Testing Inflation with Dark Matter Halos

TL;DR

This paper explores how primordial non-Gaussianity from inflationary models affects large-scale structure, comparing analytic and N-body simulations to improve constraints on early universe physics.

Contribution

It models the effects of specific non-Gaussianity types on halo clustering and mass function, comparing analytic and N-body results for curvaton inflation variants.

Findings

Analytic and N-body results show consistent effects of non-Gaussianity on halo clustering.

Different curvaton models produce distinguishable signatures in large-scale structure.

Results improve understanding of how inflationary physics influences observable cosmic structures.

Abstract

Cosmic inflation provides a mechanism for generating the early density perturbations that seeded the large-scale structures we see today. Primordial non-Gaussianity is among the most promising of few observational tests of physics at this epoch.

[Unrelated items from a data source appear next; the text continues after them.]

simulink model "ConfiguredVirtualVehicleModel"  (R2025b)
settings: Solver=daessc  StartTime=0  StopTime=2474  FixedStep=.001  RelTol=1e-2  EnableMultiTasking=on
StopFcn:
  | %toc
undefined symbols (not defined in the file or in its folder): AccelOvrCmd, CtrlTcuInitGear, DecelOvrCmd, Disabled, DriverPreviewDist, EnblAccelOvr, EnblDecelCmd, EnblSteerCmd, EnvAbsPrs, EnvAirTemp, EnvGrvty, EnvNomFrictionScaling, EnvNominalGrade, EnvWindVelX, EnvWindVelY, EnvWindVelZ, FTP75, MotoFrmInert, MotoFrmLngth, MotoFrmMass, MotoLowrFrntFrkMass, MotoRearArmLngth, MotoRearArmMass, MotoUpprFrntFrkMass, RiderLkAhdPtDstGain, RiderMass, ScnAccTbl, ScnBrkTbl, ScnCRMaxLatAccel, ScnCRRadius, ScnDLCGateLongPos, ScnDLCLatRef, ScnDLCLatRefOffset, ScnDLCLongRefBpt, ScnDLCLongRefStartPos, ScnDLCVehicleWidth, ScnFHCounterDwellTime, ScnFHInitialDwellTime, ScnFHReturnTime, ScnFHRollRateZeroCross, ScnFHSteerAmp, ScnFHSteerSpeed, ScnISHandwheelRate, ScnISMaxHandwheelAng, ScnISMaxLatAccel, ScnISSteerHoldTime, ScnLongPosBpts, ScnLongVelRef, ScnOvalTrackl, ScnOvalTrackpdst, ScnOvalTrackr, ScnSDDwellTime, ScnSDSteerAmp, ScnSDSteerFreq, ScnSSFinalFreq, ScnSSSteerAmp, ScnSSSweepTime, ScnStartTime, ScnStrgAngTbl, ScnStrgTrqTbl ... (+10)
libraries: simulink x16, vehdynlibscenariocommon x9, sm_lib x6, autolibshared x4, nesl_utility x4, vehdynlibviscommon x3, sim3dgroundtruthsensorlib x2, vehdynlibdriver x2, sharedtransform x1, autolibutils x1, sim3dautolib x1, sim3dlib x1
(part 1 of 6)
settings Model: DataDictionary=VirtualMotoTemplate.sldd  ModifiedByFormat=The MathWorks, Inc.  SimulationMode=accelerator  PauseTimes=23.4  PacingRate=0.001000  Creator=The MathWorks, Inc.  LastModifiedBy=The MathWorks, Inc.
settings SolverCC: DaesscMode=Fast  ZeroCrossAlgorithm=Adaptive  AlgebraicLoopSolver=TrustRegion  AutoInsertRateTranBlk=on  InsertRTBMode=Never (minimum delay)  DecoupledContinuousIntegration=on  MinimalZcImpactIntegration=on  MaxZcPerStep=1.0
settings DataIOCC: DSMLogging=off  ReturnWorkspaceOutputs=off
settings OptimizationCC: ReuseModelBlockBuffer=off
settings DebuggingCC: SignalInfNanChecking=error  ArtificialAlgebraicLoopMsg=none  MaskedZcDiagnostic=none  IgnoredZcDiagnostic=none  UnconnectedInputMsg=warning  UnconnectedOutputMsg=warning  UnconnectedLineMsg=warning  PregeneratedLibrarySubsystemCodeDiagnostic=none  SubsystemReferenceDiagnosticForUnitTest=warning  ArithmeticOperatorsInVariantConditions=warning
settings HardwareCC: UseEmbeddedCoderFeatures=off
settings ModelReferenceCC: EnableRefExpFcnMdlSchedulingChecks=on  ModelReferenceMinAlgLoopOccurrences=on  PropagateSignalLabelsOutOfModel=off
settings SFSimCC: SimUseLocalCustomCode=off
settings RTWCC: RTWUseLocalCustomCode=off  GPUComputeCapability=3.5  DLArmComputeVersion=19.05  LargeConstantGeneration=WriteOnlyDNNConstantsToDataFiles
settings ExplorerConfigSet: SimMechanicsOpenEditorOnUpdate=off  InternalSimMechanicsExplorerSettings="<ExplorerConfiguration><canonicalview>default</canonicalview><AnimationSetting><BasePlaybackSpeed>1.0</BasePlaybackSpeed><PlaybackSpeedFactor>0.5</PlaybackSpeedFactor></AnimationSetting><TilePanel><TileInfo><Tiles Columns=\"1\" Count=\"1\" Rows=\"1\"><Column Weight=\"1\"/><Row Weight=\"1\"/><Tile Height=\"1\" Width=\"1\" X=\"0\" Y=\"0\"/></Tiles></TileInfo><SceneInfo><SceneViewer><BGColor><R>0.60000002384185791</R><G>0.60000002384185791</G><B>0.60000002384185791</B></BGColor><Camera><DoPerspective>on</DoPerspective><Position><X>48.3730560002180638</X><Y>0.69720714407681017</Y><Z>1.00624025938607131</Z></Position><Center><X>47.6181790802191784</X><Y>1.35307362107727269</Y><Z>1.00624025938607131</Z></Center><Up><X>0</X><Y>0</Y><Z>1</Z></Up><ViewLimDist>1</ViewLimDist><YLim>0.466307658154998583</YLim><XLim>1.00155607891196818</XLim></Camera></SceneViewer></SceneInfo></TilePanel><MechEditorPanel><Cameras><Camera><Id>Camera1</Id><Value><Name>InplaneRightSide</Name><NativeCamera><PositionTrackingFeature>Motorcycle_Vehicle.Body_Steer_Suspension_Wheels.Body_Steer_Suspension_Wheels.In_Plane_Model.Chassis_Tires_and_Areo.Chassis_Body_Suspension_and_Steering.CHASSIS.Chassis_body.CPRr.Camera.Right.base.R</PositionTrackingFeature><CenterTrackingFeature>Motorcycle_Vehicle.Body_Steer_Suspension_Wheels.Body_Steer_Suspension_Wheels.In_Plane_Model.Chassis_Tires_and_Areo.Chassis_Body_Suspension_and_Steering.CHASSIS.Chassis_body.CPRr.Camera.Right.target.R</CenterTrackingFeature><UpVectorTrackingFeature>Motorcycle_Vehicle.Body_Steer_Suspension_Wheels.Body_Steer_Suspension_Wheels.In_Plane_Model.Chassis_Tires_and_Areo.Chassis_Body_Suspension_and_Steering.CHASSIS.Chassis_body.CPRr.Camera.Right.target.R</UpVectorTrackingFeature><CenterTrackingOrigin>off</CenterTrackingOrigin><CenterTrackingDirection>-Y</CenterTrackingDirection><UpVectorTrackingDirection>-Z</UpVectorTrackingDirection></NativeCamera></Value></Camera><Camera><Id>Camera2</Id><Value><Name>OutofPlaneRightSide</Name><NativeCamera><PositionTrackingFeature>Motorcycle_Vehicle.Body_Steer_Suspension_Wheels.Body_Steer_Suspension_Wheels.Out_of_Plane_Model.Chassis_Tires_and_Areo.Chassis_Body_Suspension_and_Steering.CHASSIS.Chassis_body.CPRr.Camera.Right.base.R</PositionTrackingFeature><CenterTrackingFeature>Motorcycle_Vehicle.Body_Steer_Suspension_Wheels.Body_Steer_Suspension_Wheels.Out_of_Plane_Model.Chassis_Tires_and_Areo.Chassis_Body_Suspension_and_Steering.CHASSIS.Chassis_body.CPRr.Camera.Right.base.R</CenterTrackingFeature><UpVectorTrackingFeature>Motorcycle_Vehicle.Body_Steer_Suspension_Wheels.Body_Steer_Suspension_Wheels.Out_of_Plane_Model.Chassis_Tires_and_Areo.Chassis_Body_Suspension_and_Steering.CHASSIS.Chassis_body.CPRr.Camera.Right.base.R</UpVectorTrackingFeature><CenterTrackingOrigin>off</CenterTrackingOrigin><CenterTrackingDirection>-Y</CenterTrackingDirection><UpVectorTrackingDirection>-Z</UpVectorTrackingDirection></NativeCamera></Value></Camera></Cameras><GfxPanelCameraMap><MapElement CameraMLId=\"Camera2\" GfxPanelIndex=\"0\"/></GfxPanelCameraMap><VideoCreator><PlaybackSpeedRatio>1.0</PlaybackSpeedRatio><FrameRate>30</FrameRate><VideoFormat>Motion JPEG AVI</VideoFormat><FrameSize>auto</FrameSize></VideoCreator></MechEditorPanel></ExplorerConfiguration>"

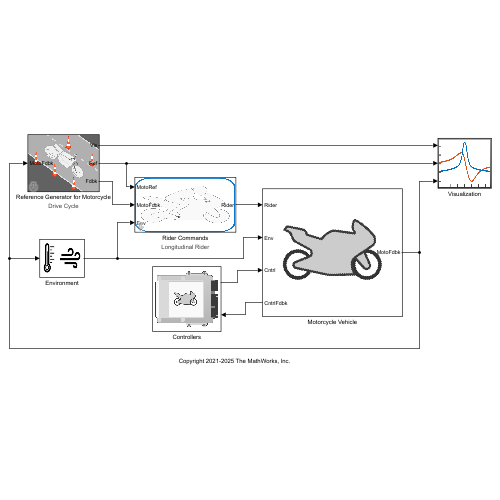
[thumbnail: Simulink's stored preview of the top-level diagram]
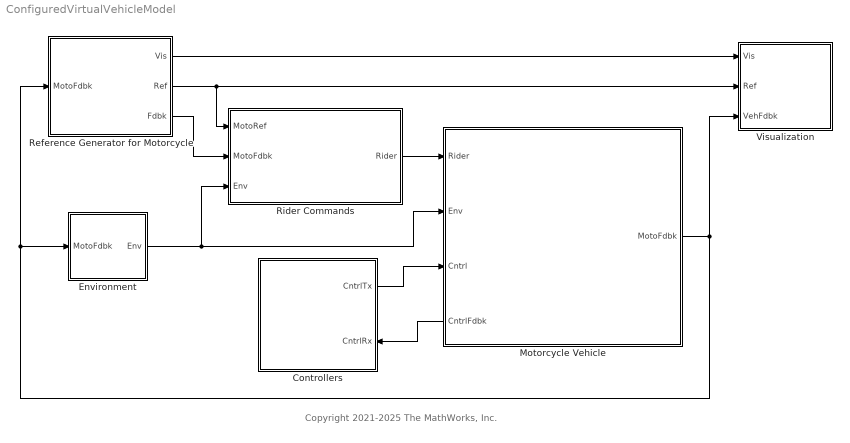
== system ConfiguredVirtualVehicleModel ==
  note: Copyright 2021-2025 The MathWorks, Inc.
  Controllers : Subsystem
      settings: PortSchema="{\"entries\":[{\"content\":{\"sides\":[{\"content\":{},\"type\":\"ConnectorPlacement.EquallySpacedRectSide\",\"uuid\":\"d3abfdf3-59f3-4762-8e4e-957745a11e2c\"},{\"content\":{\"connectorIds\":[\"Out1\",\"In1\"],\"side\":\"RIGHT\"},\"type\":\"ConnectorPlacement.EquallySpacedRectSide\",\"uuid\":\"4c115717-9c17-4631-bd95-1f831e7f83d7\"},{\"content\":{\"side\":\"TOP\"},\"type\":\"ConnectorPlacement.EquallySpacedRectSide\",\"uuid\":\"d2ccb451-5fc1-4147-9a0c-1582624fa182\"}]},\"type\":\"ConnectorPlacement.EquallySpacedConnector\",\"uuid\":\"cab9e2c1-ce8a-4f9c-a024-cef64f8d49c6\"}],\"packageUris\":[\"http://schema.mathworks.com/mf0/Connector/R2020b\"],\"version\":\"1.0\"}"
      mask Display: image('motoECU.png')
  Environment : Subsystem
      mask Display: image('Enviroment.png')
  Motorcycle Vehicle : Subsystem
      settings: PortSchema="{\"entries\":[{\"content\":{\"sides\":[{\"content\":{\"connectorIds\":[\"In1\",\"In2\",\"In3\",\"Out2\"]},\"type\":\"ConnectorPlacement.EquallySpacedRectSide\",\"uuid\":\"175d7041-2aff-4cd5-b9c0-3998d48105ea\"},{\"content\":{\"connectorIds\":[\"Out1\"],\"side\":\"RIGHT\"},\"type\":\"ConnectorPlacement.EquallySpacedRectSide\",\"uuid\":\"0f698ea4-f06f-4552-98b1-af1f0960853e\"},{\"content\":{\"side\":\"TOP\"},\"type\":\"ConnectorPlacement.EquallySpacedRectSide\",\"uuid\":\"8127d405-6a03-4548-a956-3e3bb7246319\"}]},\"type\":\"ConnectorPlacement.EquallySpacedConnector\",\"uuid\":\"b217a386-2802-4b5f-8626-423e606b91b2\"}],\"packageUris\":[\"http://schema.mathworks.com/mf0/Connector/R2020b\"],\"version\":\"1.0\"}"
      mask Display: image('moto.png')
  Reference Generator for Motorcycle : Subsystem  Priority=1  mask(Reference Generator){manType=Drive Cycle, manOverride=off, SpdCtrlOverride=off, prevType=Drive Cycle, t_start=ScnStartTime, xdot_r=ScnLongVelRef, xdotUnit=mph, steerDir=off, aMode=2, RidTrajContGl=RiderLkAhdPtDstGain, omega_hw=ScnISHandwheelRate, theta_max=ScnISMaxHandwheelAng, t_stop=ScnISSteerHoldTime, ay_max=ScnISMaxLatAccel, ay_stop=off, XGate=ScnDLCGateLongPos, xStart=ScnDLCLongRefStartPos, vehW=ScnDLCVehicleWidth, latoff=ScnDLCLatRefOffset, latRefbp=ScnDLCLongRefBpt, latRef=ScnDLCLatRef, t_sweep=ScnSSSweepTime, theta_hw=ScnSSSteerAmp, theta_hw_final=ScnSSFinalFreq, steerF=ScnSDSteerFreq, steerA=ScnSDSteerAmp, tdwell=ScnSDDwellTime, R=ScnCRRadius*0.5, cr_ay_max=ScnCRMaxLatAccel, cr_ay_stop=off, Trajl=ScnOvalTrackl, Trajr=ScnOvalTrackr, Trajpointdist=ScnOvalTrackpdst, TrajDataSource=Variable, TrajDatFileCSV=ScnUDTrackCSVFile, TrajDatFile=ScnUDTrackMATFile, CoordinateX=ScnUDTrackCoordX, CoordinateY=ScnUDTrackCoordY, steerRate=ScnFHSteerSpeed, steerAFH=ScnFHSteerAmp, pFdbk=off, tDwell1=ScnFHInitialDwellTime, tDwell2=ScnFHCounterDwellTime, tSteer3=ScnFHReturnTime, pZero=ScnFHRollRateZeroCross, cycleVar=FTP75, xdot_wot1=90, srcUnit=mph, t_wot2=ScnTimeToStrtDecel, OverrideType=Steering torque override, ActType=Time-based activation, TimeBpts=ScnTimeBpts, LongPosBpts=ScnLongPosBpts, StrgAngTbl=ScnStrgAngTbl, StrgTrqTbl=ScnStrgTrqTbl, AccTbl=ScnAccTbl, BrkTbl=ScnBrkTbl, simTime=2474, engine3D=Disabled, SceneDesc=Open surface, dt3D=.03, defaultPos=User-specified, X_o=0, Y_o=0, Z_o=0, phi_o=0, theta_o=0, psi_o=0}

At present non-Gaussianity is best constrained by the cosmic microwave background, but in the near term large-scale structure data may be competitive so long as the effects of primordial non-Gaussianity can be modeled through the non-linear process of structure formation. We discuss recent work modeling effects of a few types of primordial non-Gaussianity on the large-scale halo clustering and the halo mass function. More specifically, we compare analytic and N-body results for two variants of the curvaton model of inflation: (i) a "tauNL" scenario in which the curvaton and inflaton contribute equally to the primordial curvature perturbation and (ii) a "gNL" model where the usual quadratic fNL term in the potential cancels, but a large cubic term remains.